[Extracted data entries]
-------
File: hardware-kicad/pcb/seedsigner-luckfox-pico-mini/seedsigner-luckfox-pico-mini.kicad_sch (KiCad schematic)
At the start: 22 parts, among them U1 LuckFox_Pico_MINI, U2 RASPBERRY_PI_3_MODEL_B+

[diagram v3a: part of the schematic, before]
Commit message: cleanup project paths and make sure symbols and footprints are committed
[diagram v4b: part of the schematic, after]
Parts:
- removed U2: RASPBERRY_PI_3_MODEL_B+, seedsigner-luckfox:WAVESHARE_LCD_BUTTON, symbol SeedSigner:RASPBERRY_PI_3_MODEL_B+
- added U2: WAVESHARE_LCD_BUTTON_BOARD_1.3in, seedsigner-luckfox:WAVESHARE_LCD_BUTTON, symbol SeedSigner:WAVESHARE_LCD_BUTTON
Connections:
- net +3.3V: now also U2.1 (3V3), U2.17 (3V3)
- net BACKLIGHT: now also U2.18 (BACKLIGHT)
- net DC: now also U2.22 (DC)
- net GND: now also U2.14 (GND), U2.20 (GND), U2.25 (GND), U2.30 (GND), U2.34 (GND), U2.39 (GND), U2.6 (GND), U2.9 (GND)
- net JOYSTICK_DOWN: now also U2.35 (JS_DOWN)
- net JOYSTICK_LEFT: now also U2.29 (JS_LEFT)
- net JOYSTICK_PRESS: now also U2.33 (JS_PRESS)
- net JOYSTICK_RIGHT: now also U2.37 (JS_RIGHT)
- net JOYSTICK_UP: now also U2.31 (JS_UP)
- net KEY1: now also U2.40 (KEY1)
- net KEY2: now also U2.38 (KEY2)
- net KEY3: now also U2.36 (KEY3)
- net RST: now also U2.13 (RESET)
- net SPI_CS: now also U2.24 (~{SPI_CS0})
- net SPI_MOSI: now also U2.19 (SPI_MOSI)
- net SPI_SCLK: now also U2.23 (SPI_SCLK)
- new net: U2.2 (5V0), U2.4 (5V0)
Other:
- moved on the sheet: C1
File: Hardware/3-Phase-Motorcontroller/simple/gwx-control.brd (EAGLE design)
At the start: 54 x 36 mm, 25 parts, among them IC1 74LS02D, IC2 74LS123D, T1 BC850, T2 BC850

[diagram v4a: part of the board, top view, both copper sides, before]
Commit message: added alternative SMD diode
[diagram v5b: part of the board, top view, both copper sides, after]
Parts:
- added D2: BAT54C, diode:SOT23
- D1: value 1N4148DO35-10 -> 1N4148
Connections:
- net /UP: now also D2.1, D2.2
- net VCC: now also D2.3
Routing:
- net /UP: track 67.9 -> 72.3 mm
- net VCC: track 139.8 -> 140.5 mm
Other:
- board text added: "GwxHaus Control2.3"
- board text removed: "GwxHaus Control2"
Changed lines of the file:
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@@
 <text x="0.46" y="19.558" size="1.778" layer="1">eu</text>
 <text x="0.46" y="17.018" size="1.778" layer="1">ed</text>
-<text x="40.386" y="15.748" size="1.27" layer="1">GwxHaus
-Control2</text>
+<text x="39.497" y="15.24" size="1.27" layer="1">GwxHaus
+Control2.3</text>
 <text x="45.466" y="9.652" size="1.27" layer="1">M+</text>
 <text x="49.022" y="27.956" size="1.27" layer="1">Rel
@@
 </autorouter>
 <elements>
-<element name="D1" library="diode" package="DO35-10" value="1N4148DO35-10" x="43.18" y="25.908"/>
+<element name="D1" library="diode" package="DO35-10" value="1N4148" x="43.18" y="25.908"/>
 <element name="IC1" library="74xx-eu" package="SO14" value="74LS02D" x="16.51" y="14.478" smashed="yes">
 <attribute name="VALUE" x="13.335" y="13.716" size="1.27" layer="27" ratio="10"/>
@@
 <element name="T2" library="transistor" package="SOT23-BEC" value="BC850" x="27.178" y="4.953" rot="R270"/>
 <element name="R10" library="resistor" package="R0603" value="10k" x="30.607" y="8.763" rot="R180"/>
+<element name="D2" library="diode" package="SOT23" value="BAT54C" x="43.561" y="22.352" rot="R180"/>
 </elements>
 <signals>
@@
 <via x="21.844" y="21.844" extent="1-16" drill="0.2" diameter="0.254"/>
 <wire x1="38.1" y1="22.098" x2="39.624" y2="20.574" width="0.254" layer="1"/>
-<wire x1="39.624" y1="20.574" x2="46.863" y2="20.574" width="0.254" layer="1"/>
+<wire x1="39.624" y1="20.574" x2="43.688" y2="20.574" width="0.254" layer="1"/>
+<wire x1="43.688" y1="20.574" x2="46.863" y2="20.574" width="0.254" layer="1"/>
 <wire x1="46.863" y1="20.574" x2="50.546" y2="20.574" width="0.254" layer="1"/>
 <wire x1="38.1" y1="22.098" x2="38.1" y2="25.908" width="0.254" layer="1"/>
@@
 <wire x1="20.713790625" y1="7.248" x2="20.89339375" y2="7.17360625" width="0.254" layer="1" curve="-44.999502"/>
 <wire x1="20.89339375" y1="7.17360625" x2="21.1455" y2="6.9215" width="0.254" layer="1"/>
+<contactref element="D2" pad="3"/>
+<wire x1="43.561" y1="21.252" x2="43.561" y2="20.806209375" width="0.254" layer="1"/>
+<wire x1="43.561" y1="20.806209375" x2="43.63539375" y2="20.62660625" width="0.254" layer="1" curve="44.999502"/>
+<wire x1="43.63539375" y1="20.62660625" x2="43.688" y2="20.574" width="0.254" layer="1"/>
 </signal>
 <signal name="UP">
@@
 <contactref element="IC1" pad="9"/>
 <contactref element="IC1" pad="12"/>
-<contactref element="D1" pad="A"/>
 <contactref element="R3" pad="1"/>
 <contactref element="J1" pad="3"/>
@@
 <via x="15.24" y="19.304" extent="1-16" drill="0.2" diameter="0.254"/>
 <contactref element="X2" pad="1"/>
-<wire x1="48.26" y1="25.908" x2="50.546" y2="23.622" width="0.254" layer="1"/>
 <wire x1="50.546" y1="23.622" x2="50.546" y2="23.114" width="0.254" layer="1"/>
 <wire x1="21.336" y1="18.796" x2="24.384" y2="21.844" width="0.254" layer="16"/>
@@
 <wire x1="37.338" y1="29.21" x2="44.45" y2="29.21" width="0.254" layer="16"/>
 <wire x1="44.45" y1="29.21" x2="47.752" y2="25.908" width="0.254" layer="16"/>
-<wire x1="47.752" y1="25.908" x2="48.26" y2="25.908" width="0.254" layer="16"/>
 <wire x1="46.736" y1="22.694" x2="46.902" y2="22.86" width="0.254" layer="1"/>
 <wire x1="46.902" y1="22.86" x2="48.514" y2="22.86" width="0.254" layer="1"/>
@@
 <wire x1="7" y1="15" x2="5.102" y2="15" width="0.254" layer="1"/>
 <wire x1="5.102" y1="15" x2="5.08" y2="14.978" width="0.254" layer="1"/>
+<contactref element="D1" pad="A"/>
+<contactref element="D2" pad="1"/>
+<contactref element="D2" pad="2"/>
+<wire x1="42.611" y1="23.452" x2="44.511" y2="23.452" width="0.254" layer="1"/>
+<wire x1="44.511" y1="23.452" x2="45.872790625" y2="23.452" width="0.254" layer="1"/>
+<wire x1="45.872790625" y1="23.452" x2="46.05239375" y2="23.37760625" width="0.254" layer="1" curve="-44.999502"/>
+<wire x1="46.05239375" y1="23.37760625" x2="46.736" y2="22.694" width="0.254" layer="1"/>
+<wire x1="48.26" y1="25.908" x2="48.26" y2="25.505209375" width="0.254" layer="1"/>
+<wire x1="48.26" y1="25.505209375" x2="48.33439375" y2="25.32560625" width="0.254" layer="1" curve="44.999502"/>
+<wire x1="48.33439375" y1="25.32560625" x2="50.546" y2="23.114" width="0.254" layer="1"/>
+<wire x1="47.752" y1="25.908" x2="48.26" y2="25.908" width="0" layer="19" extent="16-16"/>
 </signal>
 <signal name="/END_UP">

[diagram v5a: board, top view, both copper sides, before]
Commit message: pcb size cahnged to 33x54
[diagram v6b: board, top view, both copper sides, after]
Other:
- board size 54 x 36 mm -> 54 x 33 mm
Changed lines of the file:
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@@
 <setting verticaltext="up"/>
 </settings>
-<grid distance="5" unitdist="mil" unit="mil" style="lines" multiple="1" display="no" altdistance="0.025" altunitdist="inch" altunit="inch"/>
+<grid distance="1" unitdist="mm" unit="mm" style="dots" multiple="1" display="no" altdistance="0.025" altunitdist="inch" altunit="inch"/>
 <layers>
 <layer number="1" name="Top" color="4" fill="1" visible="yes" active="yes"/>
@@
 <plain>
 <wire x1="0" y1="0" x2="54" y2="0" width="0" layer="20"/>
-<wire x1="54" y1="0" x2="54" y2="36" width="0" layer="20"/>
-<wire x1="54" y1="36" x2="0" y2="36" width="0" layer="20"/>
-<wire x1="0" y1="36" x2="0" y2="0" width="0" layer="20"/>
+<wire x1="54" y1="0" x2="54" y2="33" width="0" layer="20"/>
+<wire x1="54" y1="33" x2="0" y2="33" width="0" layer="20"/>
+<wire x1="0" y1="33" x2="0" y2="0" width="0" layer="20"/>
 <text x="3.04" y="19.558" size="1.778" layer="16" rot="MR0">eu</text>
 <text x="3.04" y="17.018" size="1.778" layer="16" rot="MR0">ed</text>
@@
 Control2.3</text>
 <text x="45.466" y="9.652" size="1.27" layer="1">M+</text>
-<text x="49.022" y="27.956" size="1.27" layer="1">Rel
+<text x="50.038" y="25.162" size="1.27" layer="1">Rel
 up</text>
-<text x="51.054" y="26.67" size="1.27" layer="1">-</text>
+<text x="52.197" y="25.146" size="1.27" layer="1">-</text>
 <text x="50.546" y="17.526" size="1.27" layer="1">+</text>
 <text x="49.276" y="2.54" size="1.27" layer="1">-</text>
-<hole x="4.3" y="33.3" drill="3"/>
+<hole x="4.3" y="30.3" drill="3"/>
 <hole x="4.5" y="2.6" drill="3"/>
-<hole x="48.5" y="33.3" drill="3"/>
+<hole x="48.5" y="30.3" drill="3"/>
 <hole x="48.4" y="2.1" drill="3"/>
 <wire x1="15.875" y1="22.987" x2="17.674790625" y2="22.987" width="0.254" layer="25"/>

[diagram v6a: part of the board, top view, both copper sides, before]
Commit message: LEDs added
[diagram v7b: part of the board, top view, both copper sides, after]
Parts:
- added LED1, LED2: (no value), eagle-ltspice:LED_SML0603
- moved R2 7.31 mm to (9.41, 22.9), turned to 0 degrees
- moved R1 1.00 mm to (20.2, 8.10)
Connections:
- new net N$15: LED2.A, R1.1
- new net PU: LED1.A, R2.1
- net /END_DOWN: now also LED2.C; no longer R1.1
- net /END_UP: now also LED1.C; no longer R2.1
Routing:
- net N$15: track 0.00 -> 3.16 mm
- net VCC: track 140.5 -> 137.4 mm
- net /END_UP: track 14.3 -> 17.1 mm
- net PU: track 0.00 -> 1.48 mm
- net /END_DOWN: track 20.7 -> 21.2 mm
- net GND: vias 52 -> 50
-------
◆ Your objective ◆
Having output the line that contains "[diagram v3a: part of the schematic, before]", stop. Every line before it, back to the first line of the data, must be reproduced exactly.

◆ Solution to this problem ◆
File: hardware-kicad/pcb/seedsigner-luckfox-pico-mini/seedsigner-luckfox-pico-mini.kicad_sch (KiCad schematic)
At the start: 22 parts, among them U1 LuckFox_Pico_MINI, U2 RASPBERRY_PI_3_MODEL_B+

[diagram v3a: part of the schematic, before]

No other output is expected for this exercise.